Miss Kitten and Muscle from the Margins

by Matthew Bedard

We’ve all, more or less, been there: daylight sneakily pouring over us; the beat, despite its dissolve perhaps a couple hours prior, still pumping designer this-and-thats through our limbs; new friends, disconnected from their outset crew now cozily glommed onto yours; the new assurance that sleep is a myth cooked up by the profit machine and really, we’re over the hump now and who needs bed? And then there are the others. The up-and-at-’ems, the nine-to-fivers, the lum lums, the joggers, the doggers, the urban loggers, all not seeing this very break of day with the same dilated pupils, with the heightened sense of purpose brought about by the rave in which we trust, all of them so boring. Fear instills.

“Is this the world in which I must return?”

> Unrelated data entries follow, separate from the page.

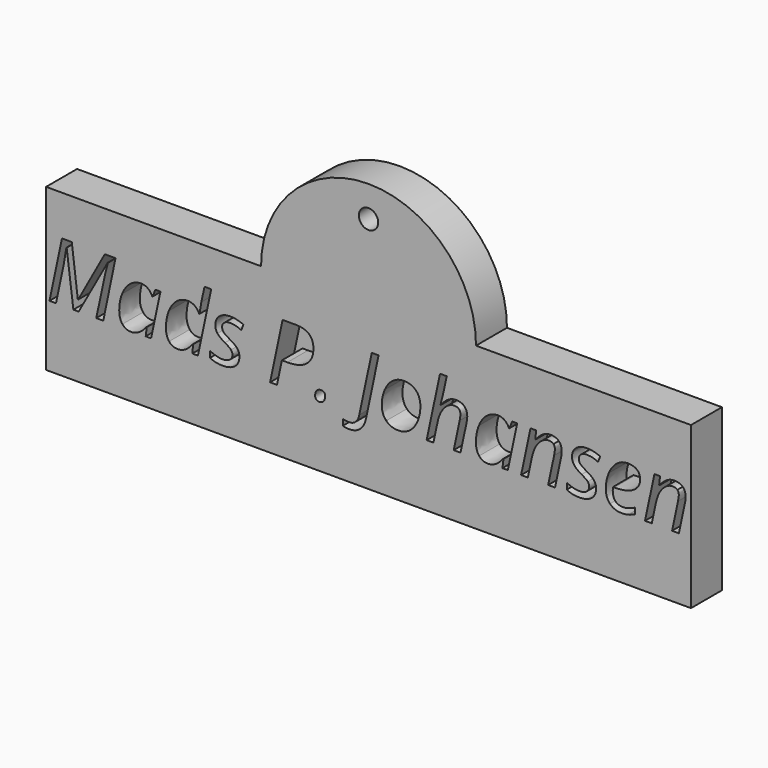
from build123d import *

# Parameters (mm, degrees)
F0_R     = 1.5
F1_DEPTH = 4
F2_R     = 1.5
F3_DEPTH = 2


with BuildPart() as f1:
    # F0 (on Front) → F1 (new body)
    with BuildSketch(Plane.XZ):
        Polygon((-16.667, 12.5), (-50, 12.5), (-50, -12.5), (50, -12.5), (50, 12.5), (16.667, 12.5), (0, 12.5), align=None)
        with BuildLine():
            add(Edge.make_bspline(
                [(-8.1103008935, -2.9097343631), (-8.2795785088, -2.746466604), (-8.2795785088, -2.4279442273)],
                knots=[0, 0, 0, 1, 1, 1], degree=2))
            add(Edge.make_bspline(
                [(-8.2795785088, -2.4279442273), (-8.2795785088, -1.9451524488), (-8.0251612645, -1.6606859237)],
                knots=[0, 0, 0, 1, 1, 1], degree=2))
            add(Edge.make_bspline(
                [(-8.0251612645, -1.6606859237), (-7.7707440202, -1.3762193986), (-7.3280179494, -1.3762193986)],
                knots=[0, 0, 0, 1, 1, 1], degree=2))
            add(Edge.make_bspline(
                [(-7.3280179494, -1.3762193986), (-7.0575744221, -1.3762193986), (-6.8923033775, -1.538485515)],
                knots=[0, 0, 0, 1, 1, 1], degree=2))
            add(Edge.make_bspline(
                [(-6.8923033775, -1.538485515), (-6.727032333, -1.7007516314), (-6.727032333, -2.0332970059)],
                knots=[0, 0, 0, 1, 1, 1], degree=2))
            add(Edge.make_bspline(
                [(-6.727032333, -2.0332970059), (-6.727032333, -2.478026362), (-6.9774430065, -2.7755142421)],
                knots=[0, 0, 0, 1, 1, 1], degree=2))
            add(Edge.make_bspline(
                [(-6.9774430065, -2.7755142421), (-7.22785368, -3.0730021222), (-7.6525501823, -3.0730021222)],
                knots=[0, 0, 0, 1, 1, 1], degree=2))
            add(Edge.make_bspline(
                [(-7.6525501823, -3.0730021222), (-7.9410232782, -3.0730021222), (-8.1103008935, -2.9097343631)],
                knots=[0, 0, 0, 1, 1, 1], degree=2))
        make_face(mode=Mode.SUBTRACT)
        with BuildLine():
            Line((-44.9477142514, -2.8907031519), (-45.7670579751, -2.8907031519))
            Line((-45.7670579751, -2.8907031519), (-46.8067630915, 5.2226026696))
            Line((-46.8067630915, 5.2226026696), (-46.8568452262, 5.2226026696))
            add(Edge.make_bspline(
                [(-46.8568452262, 5.2226026696), (-46.9009175047, 4.7718634573), (-47.0351376257, 3.9865755852)],
                knots=[0, 0, 0, 1, 1, 1], degree=2))
            add(Edge.make_bspline(
                [(-47.0351376257, 3.9865755852), (-47.1693577467, 3.2012877131), (-47.2695220161, 2.7365255031)],
                knots=[0, 0, 0, 1, 1, 1], degree=2))
            Line((-47.2695220161, 2.7365255031), (-48.4594735366, -2.8907031519))
            Line((-48.4594735366, -2.8907031519), (-49.4731359429, -2.8907031519))
            Line((-49.4731359429, -2.8907031519), (-47.5399655435, 6.262307786))
            Line((-47.5399655435, 6.262307786), (-46.0114587924, 6.262307786))
            Line((-46.0114587924, 6.262307786), (-45.079931087, -1.2760551292))
            Line((-45.079931087, -1.2760551292), (-45.0238390961, -1.2760551292))
            Line((-45.0238390961, -1.2760551292), (-40.8970711968, 6.262307786))
            Line((-40.8970711968, 6.262307786), (-39.2323410393, 6.262307786))
            Line((-39.2323410393, 6.262307786), (-41.1294523018, -2.8907031519))
            Line((-41.1294523018, -2.8907031519), (-42.2192395529, -2.8907031519))
            add(Edge.make_bspline(
                [(-42.2192395529, -2.8907031519), (-41.42994511, 0.8033551036), (-41.0102568212, 2.7785944962)],
                knots=[0, 0, 0, 1, 1, 1], degree=2))
            add(Edge.make_bspline(
                [(-41.0102568212, 2.7785944962), (-40.5905685324, 4.7538338888), (-40.4222925598, 5.2346223819)],
                knots=[0, 0, 0, 1, 1, 1], degree=2))
            Line((-40.4222925598, 5.2346223819), (-40.4583516968, 5.2346223819))
            Line((-40.4583516968, 5.2346223819), (-44.9477142514, -2.8907031519))
        make_face(mode=Mode.SUBTRACT)
        with BuildLine():
            add(Edge.make_bspline(
                [(-36.9856564766, 3.4637180989), (-36.2033735326, 4.0967562815), (-35.2698425418, 4.0967562815)],
                knots=[0, 0, 0, 1, 1, 1], degree=2))
            add(Edge.make_bspline(
                [(-35.2698425418, 4.0967562815), (-34.6948996354, 4.0967562815), (-34.2441604231, 3.7862470464)],
                knots=[0, 0, 0, 1, 1, 1], degree=2))
            add(Edge.make_bspline(
                [(-34.2441604231, 3.7862470464), (-33.7934212108, 3.4757378112), (-33.5430105373, 2.8947850487)],
                knots=[0, 0, 0, 1, 1, 1], degree=2))
            Line((-33.5430105373, 2.8947850487), (-33.4728955487, 2.8947850487))
            Line((-33.4728955487, 2.8947850487), (-33.0542089026, 3.9705493021))
            Line((-33.0542089026, 3.9705493021), (-32.2589046035, 3.9705493021))
            Line((-32.2589046035, 3.9705493021), (-33.717296366, -2.8907031519))
            Line((-33.717296366, -2.8907031519), (-34.5506630875, -2.8907031519))
            Line((-34.5506630875, -2.8907031519), (-34.3863936856, -1.5825577935))
            Line((-34.3863936856, -1.5825577935), (-34.4364758203, -1.5825577935))
            add(Edge.make_bspline(
                [(-34.4364758203, -1.5825577935), (-35.5583156376, -3.0169101314), (-36.7983492928, -3.0169101314)],
                knots=[0, 0, 0, 1, 1, 1], degree=2))
            add(Edge.make_bspline(
                [(-36.7983492928, -3.0169101314), (-37.6677751512, -3.0169101314), (-38.1625866421, -2.3968933038)],
                knots=[0, 0, 0, 1, 1, 1], degree=2))
            add(Edge.make_bspline(
                [(-38.1625866421, -2.3968933038), (-38.6573981329, -1.7768764762), (-38.6573981329, -0.6991089374)],
                knots=[0, 0, 0, 1, 1, 1], degree=2))
            add(Edge.make_bspline(
                [(-38.6573981329, -0.6991089374), (-38.6573981329, 0.6030265648), (-38.2126687768, 1.7168532405)],
                knots=[0, 0, 0, 1, 1, 1], degree=2))
            add(Edge.make_bspline(
                [(-38.2126687768, 1.7168532405), (-37.7679394206, 2.8306799163), (-36.9856564766, 3.4637180989)],
                knots=[0, 0, 0, 1, 1, 1], degree=2))
        make_face(mode=Mode.SUBTRACT)
        with BuildLine():
            add(Edge.make_bspline(
                [(-29.7447814416, 3.4757378112), (-28.9775231379, 4.0827332838), (-28.0259625786, 4.0827332838)],
                knots=[0, 0, 0, 1, 1, 1], degree=2))
            add(Edge.make_bspline(
                [(-28.0259625786, 4.0827332838), (-26.8119716335, 4.0827332838), (-26.2670780079, 2.8947850487)],
                knots=[0, 0, 0, 1, 1, 1], degree=2))
            Line((-26.2670780079, 2.8947850487), (-26.2049761609, 2.8947850487))
            add(Edge.make_bspline(
                [(-26.2049761609, 2.8947850487), (-26.0988020353, 3.8643751765), (-25.9225129212, 4.6095973409)],
                knots=[0, 0, 0, 1, 1, 1], degree=2))
            Line((-25.9225129212, 4.6095973409), (-25.4337112865, 6.8512736901))
            Line((-25.4337112865, 6.8512736901), (-24.3960094555, 6.8512736901))
            Line((-24.3960094555, 6.8512736901), (-26.4613966906, -2.8907031519))
            Line((-26.4613966906, -2.8907031519), (-27.330822549, -2.8907031519))
            Line((-27.330822549, -2.8907031519), (-27.1925958572, -1.5825577935))
            Line((-27.1925958572, -1.5825577935), (-27.2426779919, -1.5825577935))
            add(Edge.make_bspline(
                [(-27.2426779919, -1.5825577935), (-27.8757161745, -2.3638390949), (-28.4266196562, -2.6903746131)],
                knots=[0, 0, 0, 1, 1, 1], degree=2))
            add(Edge.make_bspline(
                [(-28.4266196562, -2.6903746131), (-28.9775231379, -3.0169101314), (-29.566489042, -3.0169101314)],
                knots=[0, 0, 0, 1, 1, 1], degree=2))
            add(Edge.make_bspline(
                [(-29.566489042, -3.0169101314), (-30.4359149004, -3.0169101314), (-30.9247165351, -2.4029031599)],
                knots=[0, 0, 0, 1, 1, 1], degree=2))
            add(Edge.make_bspline(
                [(-30.9247165351, -2.4029031599), (-31.4135181698, -1.7888961885), (-31.4135181698, -0.6991089374)],
                knots=[0, 0, 0, 1, 1, 1], degree=2))
            add(Edge.make_bspline(
                [(-31.4135181698, -0.6991089374), (-31.4135181698, 0.6410889872), (-30.9627789575, 1.7549156629)],
                knots=[0, 0, 0, 1, 1, 1], degree=2))
            add(Edge.make_bspline(
                [(-30.9627789575, 1.7549156629), (-30.5120397452, 2.8687423387), (-29.7447814416, 3.4757378112)],
                knots=[0, 0, 0, 1, 1, 1], degree=2))
        make_face(mode=Mode.SUBTRACT)
        with BuildLine():
            add(Edge.make_bspline(
                [(-20.1690772868, -0.245364797), (-20.0248407388, -0.5548723895), (-20.0248407388, -0.9435097548)],
                knots=[0, 0, 0, 1, 1, 1], degree=2))
            add(Edge.make_bspline(
                [(-20.0248407388, -0.9435097548), (-20.0248407388, -1.9211130241), (-20.7169758404, -2.4690115778)],
                knots=[0, 0, 0, 1, 1, 1], degree=2))
            add(Edge.make_bspline(
                [(-20.7169758404, -2.4690115778), (-21.4091109419, -3.0169101314), (-22.6671741656, -3.0169101314)],
                knots=[0, 0, 0, 1, 1, 1], degree=2))
            add(Edge.make_bspline(
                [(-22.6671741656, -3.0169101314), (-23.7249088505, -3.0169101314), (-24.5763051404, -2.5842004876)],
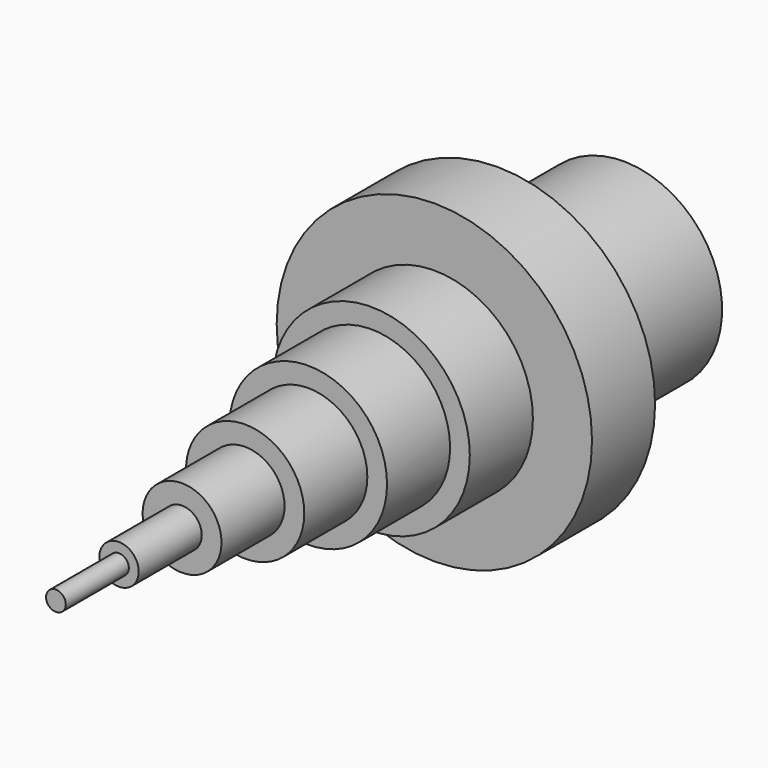
from build123d import *

# Parameters (mm, degrees)
F0_R      = 40
F1_DEPTH  = 20
F2_R      = 25
F3_DEPTH  = 20
F4_R      = 20
F5_DEPTH  = 20
F6_R      = 15
F7_DEPTH  = 20
F8_R      = 10
F9_DEPTH  = 20
F10_R     = 5
F11_DEPTH = 20
F12_R     = 2.5
F13_DEPTH = 20
F14_R     = 25
F15_DEPTH = 40
F16_R     = 20
F17_DEPTH = 40


# Not quite as in the source:
# - a feature names something its author has since deleted; it is built from what else it names


with BuildPart() as f1:
    # F0 (on Front) → F1 (new body)
    with BuildSketch(Plane.XZ):
        Circle(F0_R)
    extrude(amount=F1_DEPTH)

    # F2 (on face) → F3 (join)
    with BuildSketch(Plane.XZ.offset(20)):
        Circle(F2_R)
    extrude(amount=F3_DEPTH)

    # F4 (on face) → F5 (join)
    with BuildSketch(Plane.XZ.offset(40)):
        Circle(F4_R)
    extrude(amount=F5_DEPTH)

    # F6 (on face) → F7 (join)
    with BuildSketch(Plane.XZ.offset(60)):
        Circle(F6_R)
    extrude(amount=F7_DEPTH)

    # F8 (on face) → F9 (join)
    with BuildSketch(Plane.XZ.offset(80)):
        Circle(F8_R)
    extrude(amount=F9_DEPTH)

    # F10 (on face) → F11 (join)
    with BuildSketch(Plane.XZ.offset(100)):
        Circle(F10_R)
    extrude(amount=F11_DEPTH)

    # F12 (on face) → F13 (join)
    with BuildSketch(Plane.XZ.offset(120)):
        Circle(F12_R)
    extrude(amount=F13_DEPTH)

    # F14 (on face) → F15 (join)
    with BuildSketch(Plane(origin=(0, 0, 0), x_dir=(-1, 0, 0), z_dir=(0, 1, 0))):
        Circle(F14_R)
    extrude(amount=F15_DEPTH)

    # F16 (on face) → F17 (cut)
    with BuildSketch(Plane(origin=(0, 40, 0), x_dir=(-1, 0, 0), z_dir=(0, 1, 0))):
        Circle(F16_R)
    extrude(amount=-F17_DEPTH, mode=Mode.SUBTRACT)


solid = f1.part
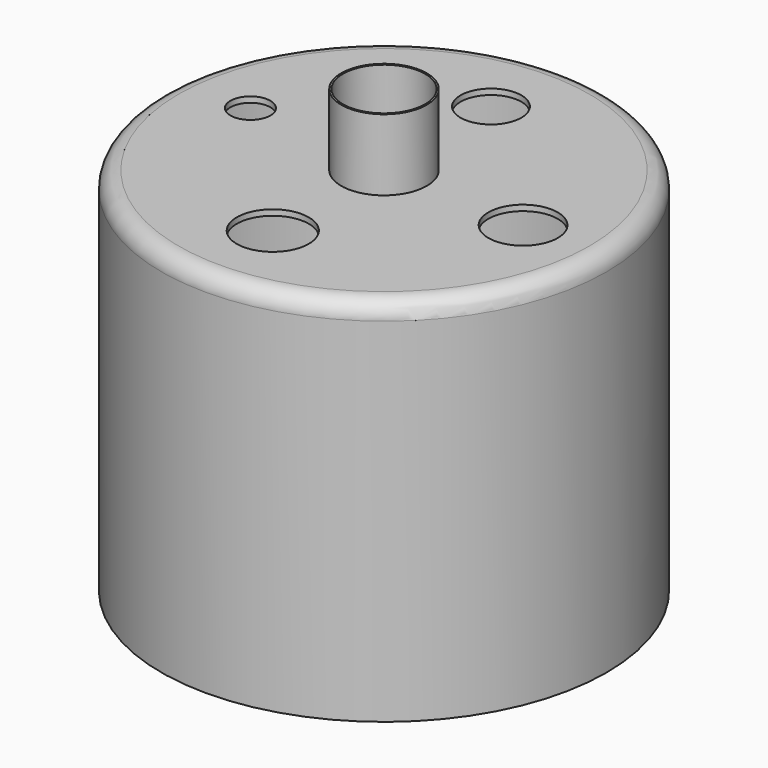
from build123d import *

# Parameters (mm, degrees)
F0_R           = 27.051
F2_R           = 33.02
F4_DEPTH       = 112.522
F8_DEPTH       = 25.4
F6_R           = 31.8662185307
F10_R          = 27.1012036097
F12_DEPTH      = 111.67649
F13_R          = 6.35
F13_R_2        = 6.096
F14_DEPTH      = 25.4
F15_DEPTH      = 25.4
F16_W          = 95.3798592091
F16_H          = 79.9988703802
F17_DEPTH      = 50.8
F17_DEPTH_BACK = 50.8
F18_R          = 4.5084907347
F18_R_2        = 5.1462074836
F18_R_3        = 5.3392585876
F18_R_4        = 2.9616888365
F19_DEPTH      = 25.4
F20_R          = 2.54
F21_W          = 29.3621988967
F21_H          = 16.516238451
F22_DEPTH      = 25.4
F22_DEPTH_BACK = 25.4


with BuildPart() as f3:
    # F0 (on Top) → F3 section 0
    with BuildSketch(Plane.XY):
        Circle(F0_R)
    # F2 (on offset) → F3 section 1
    with BuildSketch(Plane.XY.offset(10.16)):
        Circle(F2_R)
    loft()

    # F4 (add): a face of the model
    f4_faces = [f3.faces().sort_by_distance(p)[0] for p in [
        (0, 0, 10.16),
    ]]
    extrude(f4_faces, amount=F4_DEPTH)

    # F7 (on face) → F8 (cut)
    with BuildSketch(Plane(origin=(0, 0, 0), x_dir=(1, 0, 0), z_dir=(0, 0, -1))):
        with BuildLine():
            Line((-9.0020672118, 14.5257171748), (8.9738084456, 14.5257171748))
            ThreePointArc((8.9738084456, 14.5257171748), (-0.0141293831, 22.7222466067), (-9.0020672118, 14.5257171748))
        make_face()
    extrude(amount=-F8_DEPTH, mode=Mode.SUBTRACT)

    # F6 (on offset) → F11 section 0
    with BuildSketch(Plane.XY.offset(10.16)):
        Circle(F6_R)
    # F10 (on offset) → F11 section 1
    with BuildSketch(Plane(origin=(0, 0, 1.016), x_dir=(1, 0, 0), z_dir=(0, 0, -1))):
        Circle(F10_R)
    loft(mode=Mode.SUBTRACT)

    # F6 (on offset) → F12 (cut)
    with BuildSketch(Plane.XY.offset(10.16)):
        Circle(F6_R)
    extrude(amount=F12_DEPTH, mode=Mode.SUBTRACT)

    # F13 (on face) → F14 (join)
    with BuildSketch(Plane.XY.offset(122.682)):
        Circle(F13_R)
        Circle(F13_R_2, mode=Mode.SUBTRACT)
    extrude(amount=F14_DEPTH)

    # F15 (cut): a face of the model
    f15_faces = [f3.faces().sort_by_distance(p)[0] for p in [
        (0, 0, 122.682),
    ]]
    extrude(f15_faces, amount=-F15_DEPTH, mode=Mode.SUBTRACT)

    # F16 (on Right) → F17 (cut, two sides)
    with BuildSketch(Plane.YZ) as f17_sk:
        with Locations((3.9506442845, 27.8317159973)):
            Rectangle(F16_W, F16_H)
    extrude(amount=-F17_DEPTH, mode=Mode.SUBTRACT)
    extrude(f17_sk.sketch, amount=F17_DEPTH_BACK, mode=Mode.SUBTRACT)

    # F18 (on face) → F19 (cut)
    with BuildSketch(Plane.XY.offset(122.682)):
        with Locations((-0.2904168505, 20.1840121299)):
            Circle(F18_R)
        with Locations((21.2004743516, -0.7260435959)):
            Circle(F18_R_2)
        with Locations((-0.5808342248, -19.8935940862)):
            Circle(F18_R_3)
        with Locations((-21.7813067138, 2.4685480166)):
            Circle(F18_R_4)
    extrude(amount=-F19_DEPTH, mode=Mode.SUBTRACT)

    # F20
    f20_edges = [f3.edges().sort_by_distance(p)[0] for p in [
        (-33.02, 0, 122.682),
    ]]
    fillet(f20_edges, radius=F20_R)

    # F21 (on Front) → F22 (cut, two sides)
    with BuildSketch(Plane.XZ) as f22_sk:
        with Locations((0.4587839358, 141.5242999792)):
            Rectangle(F21_W, F21_H)
    extrude(amount=-F22_DEPTH, mode=Mode.SUBTRACT)
    extrude(f22_sk.sketch, amount=F22_DEPTH_BACK, mode=Mode.SUBTRACT)


solid = f3.part
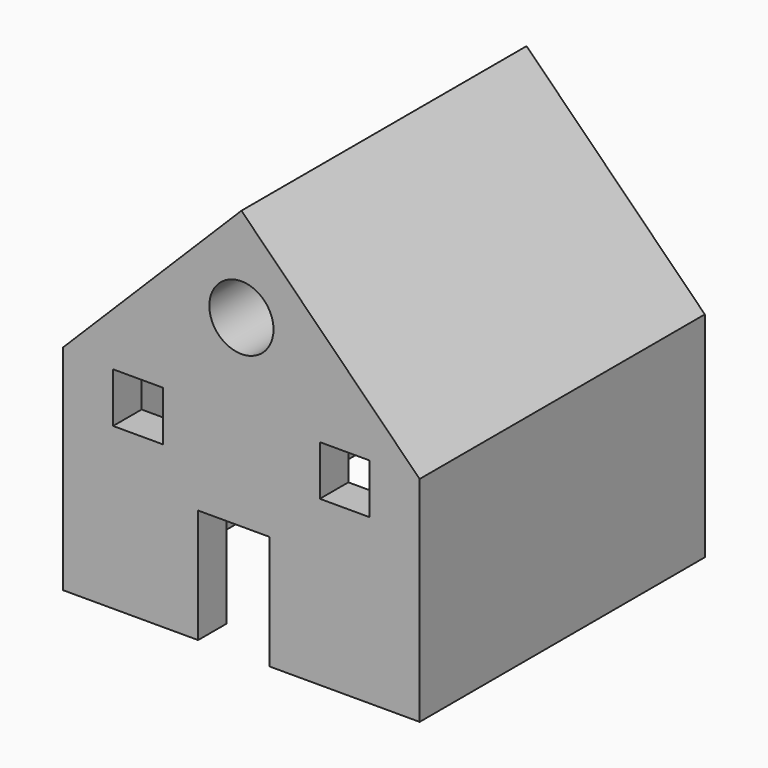
from build123d import *

# Parameters (mm, degrees)
F0_W     = 50
F0_H     = 50
F0_W_2   = 40
F0_H_2   = 40
F1_DEPTH = 30
F2_W     = 50
F2_H     = 50
F3_DEPTH = 25
F4_SIZE  = 24.99999
F5_W     = 10
F5_H     = 16
F6_DEPTH = 5
F5_W_2   = 7
F5_H_2   = 7
F7_DEPTH = 50.001
F5_R     = 4.5
F8_DEPTH = 50.001


# Not quite as in the source:
# - a fillet or chamfer is up to 0.001 mm smaller than in the source, because OpenCascade refuses the exact size


with BuildPart() as f1:
    # F0 (on Top) → F1 (new body)
    with BuildSketch(Plane.XY):
        with Locations((25, 25)):
            Rectangle(F0_W, F0_H)
        with Locations((25, 25)):
            Rectangle(F0_W_2, F0_H_2, mode=Mode.SUBTRACT)
    extrude(amount=F1_DEPTH)

    # F2 (on face) → F3 (join)
    with BuildSketch(Plane.XY.offset(30)):
        with Locations((25, 25)):
            Rectangle(F2_W, F2_H)
    extrude(amount=F3_DEPTH)

    # F4 (size 25 in the source; OpenCascade refuses exactly that, so slightly less here)
    f4_edges = [f1.edges().sort_by_distance(p)[0] for p in [
        (0, 25, 55),
        (50, 25, 55),
    ]]
    chamfer(f4_edges, length=F4_SIZE)

    # F5 (on face) → F6 (cut)
    with BuildSketch(Plane.XZ):
        with Locations((23.930438906, 8)):
            Rectangle(F5_W, F5_H)
    extrude(amount=-F6_DEPTH, mode=Mode.SUBTRACT)

    # F5 (on face) → F7 (cut, through all)
    with BuildSketch(Plane.XZ):
        with Locations((10.5, 26.0614674687)):
            Rectangle(F5_W_2, F5_H_2)
        with Locations((39.5, 26.5)):
            Rectangle(F5_W_2, F5_H_2)
    extrude(amount=-F7_DEPTH, mode=Mode.SUBTRACT)

    # F5 (on face) → F8 (cut, through all)
    with BuildSketch(Plane.XZ):
        with Locations((25, 41.7942066526)):
            Circle(F5_R)
    extrude(amount=-F8_DEPTH, mode=Mode.SUBTRACT)


solid = f1.part

Miss Kittin, French electro queen and occasional resident of Los Angeles’ Silverlake, here today at Hollywood’s Roosevelt Hotel to discuss her new record, Calling From The Stars (on Wagram affiliated wSphere), knows this pivotal feeling very well. And yet Miss Kittin, or Caroline Hervé, has fundamentally, for as long as she can recall, rejected this workaday set, never having felt akin with the streams of main. And so, a charmed career built on an imperative, she stays comfortably on the fringe.

Today, while sun cascades o’er the pool and Chardonnay flows, the stylish crooner sweetly shares on her toe-dipping here and there that’s made this fringe-dwelling a reality, as well as the sanctity of intuition, the energy necessitated in collaboration, and why her star calling might have much to do with the fact that she’s long been in radical orbit.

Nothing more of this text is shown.